• PROBLEM TO WORK ON: Return only those lines of the listing that hold the word "Matrix".

• DATA FOR THIS EXERCISE:
#####
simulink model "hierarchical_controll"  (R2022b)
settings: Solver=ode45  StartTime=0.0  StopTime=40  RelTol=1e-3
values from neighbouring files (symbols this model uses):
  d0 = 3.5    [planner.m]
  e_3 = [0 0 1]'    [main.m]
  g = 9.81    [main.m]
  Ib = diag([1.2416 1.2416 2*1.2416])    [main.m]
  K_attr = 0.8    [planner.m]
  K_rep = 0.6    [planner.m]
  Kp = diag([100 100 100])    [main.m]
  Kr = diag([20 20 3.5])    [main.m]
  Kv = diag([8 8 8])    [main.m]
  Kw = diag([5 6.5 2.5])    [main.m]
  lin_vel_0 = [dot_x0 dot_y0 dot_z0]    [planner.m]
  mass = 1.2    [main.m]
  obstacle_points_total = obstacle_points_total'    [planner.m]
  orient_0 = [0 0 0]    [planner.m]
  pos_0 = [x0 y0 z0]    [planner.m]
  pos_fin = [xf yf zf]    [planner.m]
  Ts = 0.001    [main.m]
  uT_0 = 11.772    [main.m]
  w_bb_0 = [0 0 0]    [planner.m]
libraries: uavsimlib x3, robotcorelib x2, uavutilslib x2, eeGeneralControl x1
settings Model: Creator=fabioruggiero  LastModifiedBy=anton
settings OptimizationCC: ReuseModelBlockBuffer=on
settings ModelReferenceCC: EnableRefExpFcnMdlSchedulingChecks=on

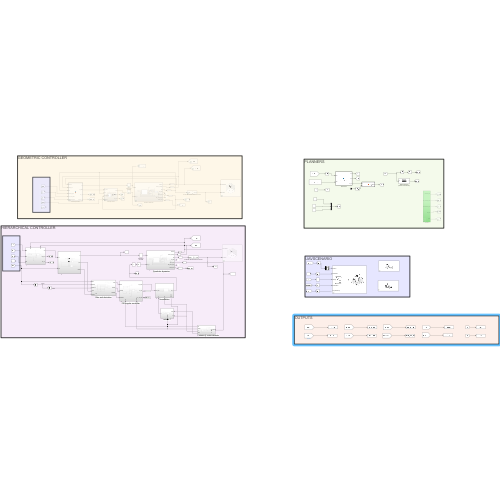
[thumbnail: Simulink's stored preview of the top-level diagram]
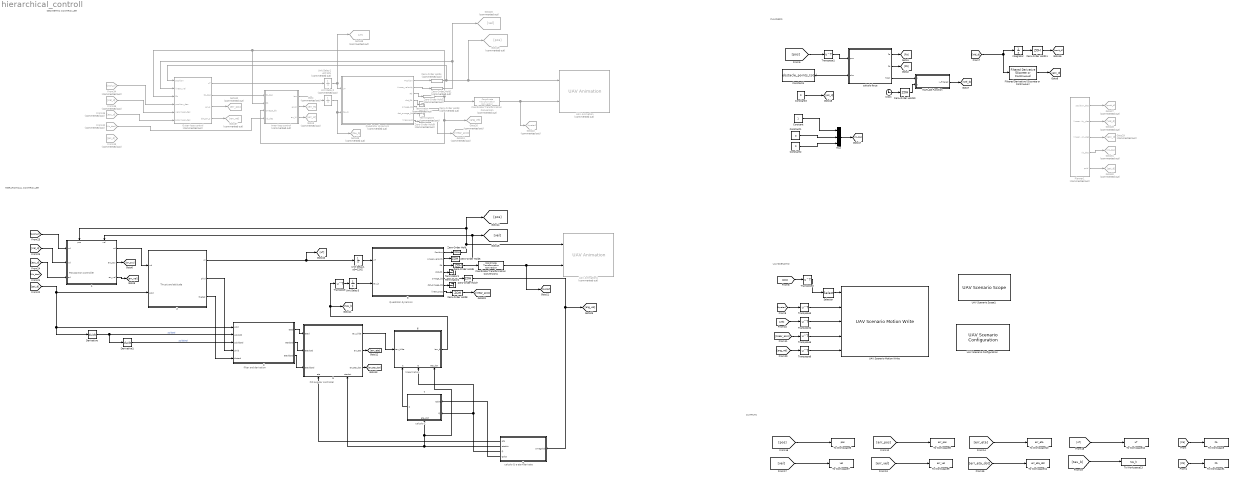
== system hierarchical_controll ==
  note: calcolo Q e eta+derivate
  note: calcolo C
  note: linearization
  note: PID angular controller
  note: Quadrotor dynamics
  note: filter and derivation
  note: Thrust and attitude
  note: PID position controller
  note: PLANNERS
  note: HIERARCHICAL CONTROLLER
  note: GEOMETRIC CONTROLLER
  note: UAVSCENARIO
  note: OUTPUTS
  "1                                                               " : Subsystem
      settings: PortSchema="{\"entries\":[{\"content\":{\"sides\":[{\"content\":{\"connectorIds\":[\"In1\",\"In2\",\"In3\"]},\"type\":\"ConnectorPlacement.EquallySpacedRectSide\",\"uuid\":\"85e0d77d-a667-4893-9520-464dcfab6198\"},{\"content\":{\"connectorIds\":[\"Out1\",\"Out2\",\"Out3\"],\"side\":\"RIGHT\"},\"type\":\"ConnectorPlacement.EquallySpacedRectSide\",\"uuid\":\"778112c6-e857-467f-a494-37829ee7f6de\"},{\"content\":{\"connectorIds\":[\"In4\",\"In5\"],\"side\":\"TOP\"},\"type\":\"ConnectorPlacement.EquallySpacedRectSide\",\"uuid\":\"7a58fbc8-384a-41ea-ad35-507457b1f60b\"}]},\"type\":\"ConnectorPlacement.EquallySpacedConnector\",\"uuid\":\"a6f9beb4-828c-454c-887a-520afea17d8a\"}],\"packageUris\":[\"http://schema.mathworks.com/mf0/Connector/R2020b\"],\"version\":\"1.0\"}"
  "2                                                       " : Subsystem
  "3                                                                                " : Subsystem
  "4                                                                          " : Subsystem
  "5                                                                   " : Subsystem
      settings: PortSchema="{\"entries\":[{\"content\":{\"sides\":[{\"content\":{\"connectorIds\":[\"In1\",\"In2\",\"In3\"]},\"type\":\"ConnectorPlacement.EquallySpacedRectSide\",\"uuid\":\"65edaed1-88f7-4380-a3c2-d91c382e58d8\"},{\"content\":{\"connectorIds\":[\"Out1\",\"Out2\",\"Out3\"],\"side\":\"RIGHT\"},\"type\":\"ConnectorPlacement.EquallySpacedRectSide\",\"uuid\":\"b4927c3a-556e-4efb-b7a2-196eb11d91c2\"},{\"content\":{\"connectorIds\":[],\"side\":\"TOP\"},\"type\":\"ConnectorPlacement.EquallySpacedRectSide\",\"uuid\":\"d0d93e72-ef33-404e-bf49-2a921e5b1f46\"},{\"content\":{\"connectorIds\":[\"In4\",\"In5\"],\"side\":\"BOTTOM\"},\"type\":\"ConnectorPlacement.EquallySpacedRectSide\",\"uuid\":\"fc2b4b79-e5bc-46f9-b483-cd3a784daa2c\"}]},\"type\":\"ConnectorPlacement.EquallySpacedConnector\",\"uuid\":\"3b418c0f-1ef1-41d2-9d0b-065cc025c1dc\"}],\"packageUris\":[\"http://schema.mathworks.com/mf0/Connector/R2020b\"],\"version\":\"1.0\"}"
  "6                                                          " : Subsystem
      settings: PortSchema="{\"entries\":[{\"content\":{\"sides\":[{\"content\":{\"connectorIds\":[\"In1\"]},\"type\":\"ConnectorPlacement.EquallySpacedRectSide\",\"uuid\":\"0beb0235-60e3-41f7-812a-43c156a669e6\"},{\"content\":{\"connectorIds\":[\"Out1\"],\"side\":\"RIGHT\"},\"type\":\"ConnectorPlacement.EquallySpacedRectSide\",\"uuid\":\"de9ad457-04ca-4167-913f-fe2cc1e03613\"},{\"content\":{\"connectorIds\":[],\"side\":\"TOP\"},\"type\":\"ConnectorPlacement.EquallySpacedRectSide\",\"uuid\":\"f1328202-7222-41d3-b6d6-2d5d11bea743\"},{\"content\":{\"connectorIds\":[\"In2\",\"In3\",\"In4\"],\"side\":\"BOTTOM\"},\"type\":\"ConnectorPlacement.EquallySpacedRectSide\",\"uuid\":\"eb41c250-0583-48fd-9f70-967dbb920771\"}]},\"type\":\"ConnectorPlacement.EquallySpacedConnector\",\"uuid\":\"65996137-7811-4a08-986c-c256136c93e4\"}],\"packageUris\":[\"http://schema.mathworks.com/mf0/Connector/R2020b\"],\"version\":\"1.0\"}"
  "7                                     " : Subsystem
      settings: PortSchema="{\"entries\":[{\"content\":{\"sides\":[{\"content\":{\"connectorIds\":[\"In1\",\"In2\"]},\"type\":\"ConnectorPlacement.EquallySpacedRectSide\",\"uuid\":\"32eaabac-cb83-4fe8-9235-f1617512dfe4\"},{\"content\":{\"connectorIds\":[\"Out1\"],\"side\":\"RIGHT\"},\"type\":\"ConnectorPlacement.EquallySpacedRectSide\",\"uuid\":\"6410da22-b624-4417-a1de-532b1b31b04c\"},{\"content\":{\"connectorIds\":[],\"side\":\"TOP\"},\"type\":\"ConnectorPlacement.EquallySpacedRectSide\",\"uuid\":\"ac47dc5b-e2fb-44dd-8524-01f66e23453c\"},{\"content\":{\"connectorIds\":[\"In3\"],\"side\":\"BOTTOM\"},\"type\":\"ConnectorPlacement.EquallySpacedRectSide\",\"uuid\":\"bde9f19c-50b2-41fa-8bff-f203ec6c7c10\"}]},\"type\":\"ConnectorPlacement.EquallySpacedConnector\",\"uuid\":\"1596106e-62b1-4910-94cd-14b1fe3e52a0\"}],\"packageUris\":[\"http://schema.mathworks.com/mf0/Connector/R2020b\"],\"version\":\"1.0\"}"
  "8                                                            " : Subsystem
  Clock : Clock
  Constant : Constant
  Constant1 : Constant  Value=0
  Constant2 : Constant  Value=0
  Constant3 : Constant  Value=0
  Constant4 : Constant  Value=obstacle_points_total
  Coordinate Transformation Conversion : robotcorelib/Coordinate Transformation Conversion  Commented=on  InputRepresentation=Rotation Matrix  InputEulerSequence=ZYX  ShowTrVecInputPort=on  OutputRepresentation=Quaternion  OutputEulerSequence=ZYX  ShowTrVecOutputPort=on  SimulateUsing=Interpreted execution
  Coordinate Transformation Conversion1 : robotcorelib/Coordinate Transformation Conversion  InputRepresentation=Rotation Matrix  InputEulerSequence=ZYX  ShowTrVecInputPort=on  OutputRepresentation=Quaternion  OutputEulerSequence=ZYX  ShowTrVecOutputPort=on  SimulateUsing=Interpreted execution
  Derivative : Derivative
  Derivative1 : Derivative
  Filtered Derivative (Discrete or Continuous) : eeGeneralControl/Filtered Derivative (Discrete or Continuous)  K=1  T=Ts  B=inf  A=-inf  minRatio=10  init_option=Specify as parameter  x0=[0,0,0]  Ts=-1
      settings: LibrarySourceBlock=|
      | ee_sl_lib/General Control/Filtered Derivative
      | (Discrete or Continuous)
  From32 : From  Commented=on  GotoTag=xb_des
  From33 : From  Commented=on  GotoTag=psi_d
  From34 : From  Commented=on  GotoTag=posit_d
  From35 : From  Commented=on  GotoTag=acc_d
  From36 : From  Commented=on  GotoTag=Vel_d
  Goto : Goto  Commented=on  GotoTag=err_R
  Goto19 : Goto  Commented=on  GotoTag=pos
  Goto20 : Goto  Commented=on  GotoTag=vel
  Goto22 : Goto  Commented=on  GotoTag=quater
  Goto24 : Goto  Commented=on  GotoTag=linear_accc
  Goto26 : Goto  Commented=on  GotoTag=ang_vel
  Goto27 : Goto  Commented=on  GotoTag=posit_d
  Goto28 : Goto  Commented=on  GotoTag=Vel_d
  Goto29 : Goto  Commented=on  GotoTag=acc_d
  Goto3 : Goto  Commented=on  GotoTag=err_W
  Goto30 : Goto  Commented=on  GotoTag=psi_d
  Goto31 : Goto  Commented=on  GotoTag=xb_des
  Goto32 : Goto  Commented=on  GotoTag=err_pos
  Goto37 : Goto  Commented=on  GotoTag=err_vel
  Goto38 : Goto  Commented=on  GotoTag=uT
  Goto39 : Goto  Commented=on  GotoTag=tau_b
  Inner-loop control : Subsystem  Commented=on
  Integrator : Integrator  InitialCondition=pos_0
  MATLAB Function : MATLAB Function  TreatAsAtomicUnit=on
  Mux : Mux  Inputs=3
  Outer-loop control : MATLAB Function  Commented=on  TreatAsAtomicUnit=on
  Planner1 : Subsystem  Commented=on
  Quadrotor dynamics : Subsystem  Commented=on
  Selector : Selector  InputPortWidth=3  IndexOptions=Index vector (dialog)  Indices=[2 1 3]  OutputSizes=1
  Terminator : Terminator  Commented=on
  Terminator1 : Terminator
  Terminator2 : Terminator
  Terminator3 : Terminator  Commented=on
  To Workspace : ToWorkspace  VariableName=Fa  SaveFormat=Timeseries  SampleTime=-1
  To Workspace1 : ToWorkspace  VariableName=Fb  SaveFormat=Timeseries  SampleTime=-1
  To Workspace10 : ToWorkspace  VariableName=err_eta  SaveFormat=Timeseries  SampleTime=-1
  To Workspace11 : ToWorkspace  VariableName=err_eta_dot  SaveFormat=Timeseries  SampleTime=-1
  To Workspace12 : ToWorkspace  VariableName=uT  SaveFormat=Timeseries  SampleTime=-1
  To Workspace13 : ToWorkspace  VariableName=tau_b  SaveFormat=Timeseries  SampleTime=-1
  To Workspace6 : ToWorkspace  VariableName=pos  SaveFormat=Timeseries  SampleTime=-1
  To Workspace7 : ToWorkspace  VariableName=vel  SaveFormat=Timeseries  SampleTime=-1
  To Workspace8 : ToWorkspace  VariableName=err_pos  SaveFormat=Timeseries  SampleTime=-1
  To Workspace9 : ToWorkspace  VariableName=err_vel  SaveFormat=Timeseries  SampleTime=-1
  Transpose{,1..6} (7 alike) : Math  Operator=transpose
  UAV Animation : uavutilslib/UAV Animation  Commented=on  UAVType=Multirotor  UAVSize=1  InertialZDirection=Down  SampleTime=0.1
  UAV Animation1 : uavutilslib/UAV Animation  Commented=on  UAVType=Multirotor  UAVSize=2  InertialZDirection=Down  SampleTime=0.1
  UAV Scenario Configuration : uavsimlib/UAV Scenario Configuration  Priority=-1  UAVScenarioObject=piazza  SampleTime=Ts  UpdateParam=false  SensorMotionBusName='SensorMotionBus'  PlatformMotionBusName='PlatformMotionBus'  ScenarioMotionBusName='ScenarioMotionBus'  ScenarioMotionSignalName='ScenarioMotions'
  UAV Scenario Motion Write : uavsimlib/UAV Scenario Motion Write  Priority=0  PlatName='UAV_platform'  ReferenceFrame=NED
  UAV Scenario Scope1 : uavsimlib/UAV Scenario Scope  Priority=1  SensorNameTable={}  SampleTime=0.1
  Unit Delay1 u0=12N : UnitDelay  Commented=on  InitialCondition=uT_0  SampleTime=Ts
  Unit Delay1 u0=12N2 : UnitDelay  InitialCondition=uT_0  SampleTime=Ts
  Unit Delay2 : UnitDelay  Commented=on  InitialCondition=[0 0 0]  SampleTime=Ts
  Unit Delay3 : UnitDelay  InitialCondition=[0 0 0]  SampleTime=Ts
  Zero-Order Hold{,5..8,10..11} (7 alike) : ZeroOrderHold  SampleTime=Ts
  Zero-Order Hold{1..4,9} (5 alike) : ZeroOrderHold  Commented=on  SampleTime=Ts
  calcolo forza : MATLAB Function  TreatAsAtomicUnit=on
  wires:
  Outer-loop control/1(uT) -> Unit Delay1 u0=12N/1
  Unit Delay1 u0=12N/1 -> Goto38/1, Quadrotor dynamics/1(uT)
  Quadrotor dynamics/1(Position) -> Zero-Order Hold4/1
  Quadrotor dynamics/2(Linear_velocity) -> Zero-Order Hold1/1
  Quadrotor dynamics/5(omega_bb) -> Zero-Order Hold3/1
  Zero-Order Hold4/1 -> Goto19/1, UAV Animation/1, Outer-loop control/1(position)
  Zero-Order Hold1/1 -> Goto20/1, Outer-loop control/2(linear_vel)
  Quadrotor dynamics/3(Rb) -> Zero-Order Hold2/1
  Unit Delay2/1 -> Goto39/1, Quadrotor dynamics/2(tau_b)
  Quadrotor dynamics/4(dot_Rb) -> Terminator/1
  Outer-loop control/3(err_p) -> Goto32/1
  Outer-loop control/4(dot_err_p) -> Goto37/1
  Quadrotor dynamics/6(dot_omega_bb) -> Terminator3/1
  Coordinate Transformation Conversion/1 -> Goto22/1, UAV Animation/2
  Outer-loop control/2(zb_des) -> Inner-loop control/1(zb_des)
  Zero-Order Hold3/1 -> Inner-loop control/3(omega_bb), Goto26/1
  Inner-loop control/1(tau) -> Unit Delay2/1
  Inner-loop control/2(err_R) -> Goto/1
  Inner-loop control/3(err_W) -> Goto3/1
  Coordinate Transformation Conversion1/1 -> [quater], UAV Animation1/2
  "3                                                                                "/6(dot_omega_bb) -> Terminator2/1
  "3                                                                                "/4(dot_Rb) -> Terminator1/1
  "6                                                          "/1(tau_b) -> Transpose/1, [tau_b]
  Zero-Order Hold/1 -> [pos], "1                                                               "/4(pos), UAV Animation1/1
  "3                                                                                "/5(omega_bb) -> Zero-Order Hold7/1
  "3                                                                                "/3(Rb) -> Zero-Order Hold6/1
  "3                                                                                "/2(Linear_velocity) -> Zero-Order Hold5/1
  "3                                                                                "/1(Position) -> Zero-Order Hold/1
  "2                                                       "/1(ut) -> [uT], Unit Delay1 u0=12N2/1
  Zero-Order Hold5/1 -> "1                                                               "/5(vel), [vel]
  "1                                                               "/1(ud) -> "2                                                       "/1(ud)
  Derivative/1 -> Derivative1/1, "4                                                                          "/2(psidotd)  "psidotd"
  Derivative1/1 -> "4                                                                          "/3(psiddotd)  "psiddotd"
  "2                                                       "/3(thetad) -> "4                                                                          "/5(thetad)
  "2                                                       "/2(phid) -> "4                                                                          "/4(phid)
  "4                                                                          "/1(etad) -> "5                                                                   "/1(etad)
  "4                                                                          "/2(etadotd) -> "5                                                                   "/2(etadotd)
  "4                                                                          "/3(etaddotd) -> "5                                                                   "/3(etaddotd)
  "8                                                            "/1(eta) -> "5                                                                   "/4(eta)
  "8                                                            "/2(etadot) -> "5                                                                   "/5(etadot), "6                                                          "/4(eta_dot), "7                                     "/3(eta_dot)
  "5                                                                   "/1(tau_tilde) -> "6                                                          "/1(tau_tilde)
  "8                                                            "/3(Q) -> "6                                                          "/3(Q), "7                                     "/2(Q)
  "8                                                            "/4(Qdot) -> "7                                     "/1(Qdot)
  "7                                     "/1(C) -> "6                                                          "/2(C)
  Zero-Order Hold7/1 -> "8                                                            "/1(omegabb), [ang_vel]
  Unit Delay3/1 -> "3                                                                                "/2(tau_b)
  Unit Delay1 u0=12N2/1 -> "3                                                                                "/1(uT)
  [pos] -> To Workspace6/1
  [vel] -> To Workspace7/1
  [err_pos] -> To Workspace8/1
  [err_vel] -> To Workspace9/1
  [err_eta] -> To Workspace10/1
  [err_eta_dot] -> To Workspace11/1
  [uT] -> To Workspace12/1
  [tau_b] -> To Workspace13/1
  "1                                                               "/2(err_pos) -> [err_pos]
  "1                                                               "/3(err_vel) -> [err_vel]
  "5                                                                   "/2(err_eta) -> [err_eta]
  "5                                                                   "/3(err_eta_dot) -> [err_eta_dot]
  Transpose/1 -> Unit Delay3/1
  Constant4/1 -> calcolo forza/2(obs)
  [pos] -> Transpose1/1
  Transpose1/1 -> calcolo forza/1(pos)
  calcolo forza/1(Fa) -> [Fa]
  calcolo forza/2(Fb) -> [Fb]
  [Vel_d] -> Integrator/1, Filtered Derivative (Discrete or Continuous)/1
  Filtered Derivative (Discrete or Continuous)/1 -> [acc_d]
  Constant1/1 -> Mux/2
  Constant2/1 -> Mux/3
  Constant/1 -> Mux/1
  Mux/1 -> [xb_des]
  Constant3/1 -> [psi_d]
  Transpose2/1 -> Selector/1
  [pos] -> Transpose2/1
  [quater] -> Transpose3/1
  [vel] -> Transpose4/1
  Transpose4/1 -> UAV Scenario Motion Write/3
  "3                                                                                "/7(linear_accc) -> Zero-Order Hold8/1
  Quadrotor dynamics/7(linear_acc) -> Zero-Order Hold9/1
  [linear_accc] -> Transpose5/1
  Transpose5/1 -> UAV Scenario Motion Write/4
  [ang_vel] -> Transpose6/1
  Transpose6/1 -> UAV Scenario Motion Write/5
  Zero-Order Hold6/1 -> Coordinate Transformation Conversion1/1
  Transpose3/1 -> UAV Scenario Motion Write/2
  [posit_d] -> "1                                                               "/1(xd)
  [acc_d] -> "1                                                               "/3(ad)
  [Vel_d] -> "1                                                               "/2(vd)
#####
• WRITTEN ANSWER:
  Coordinate Transformation Conversion : robotcorelib/Coordinate Transformation Conversion  Commented=on  InputRepresentation=Rotation Matrix  InputEulerSequence=ZYX  ShowTrVecInputPort=on  OutputRepresentation=Quaternion  OutputEulerSequence=ZYX  ShowTrVecOutputPort=on  SimulateUsing=Interpreted execution
  Coordinate Transformation Conversion1 : robotcorelib/Coordinate Transformation Conversion  InputRepresentation=Rotation Matrix  InputEulerSequence=ZYX  ShowTrVecInputPort=on  OutputRepresentation=Quaternion  OutputEulerSequence=ZYX  ShowTrVecOutputPort=on  SimulateUsing=Interpreted execution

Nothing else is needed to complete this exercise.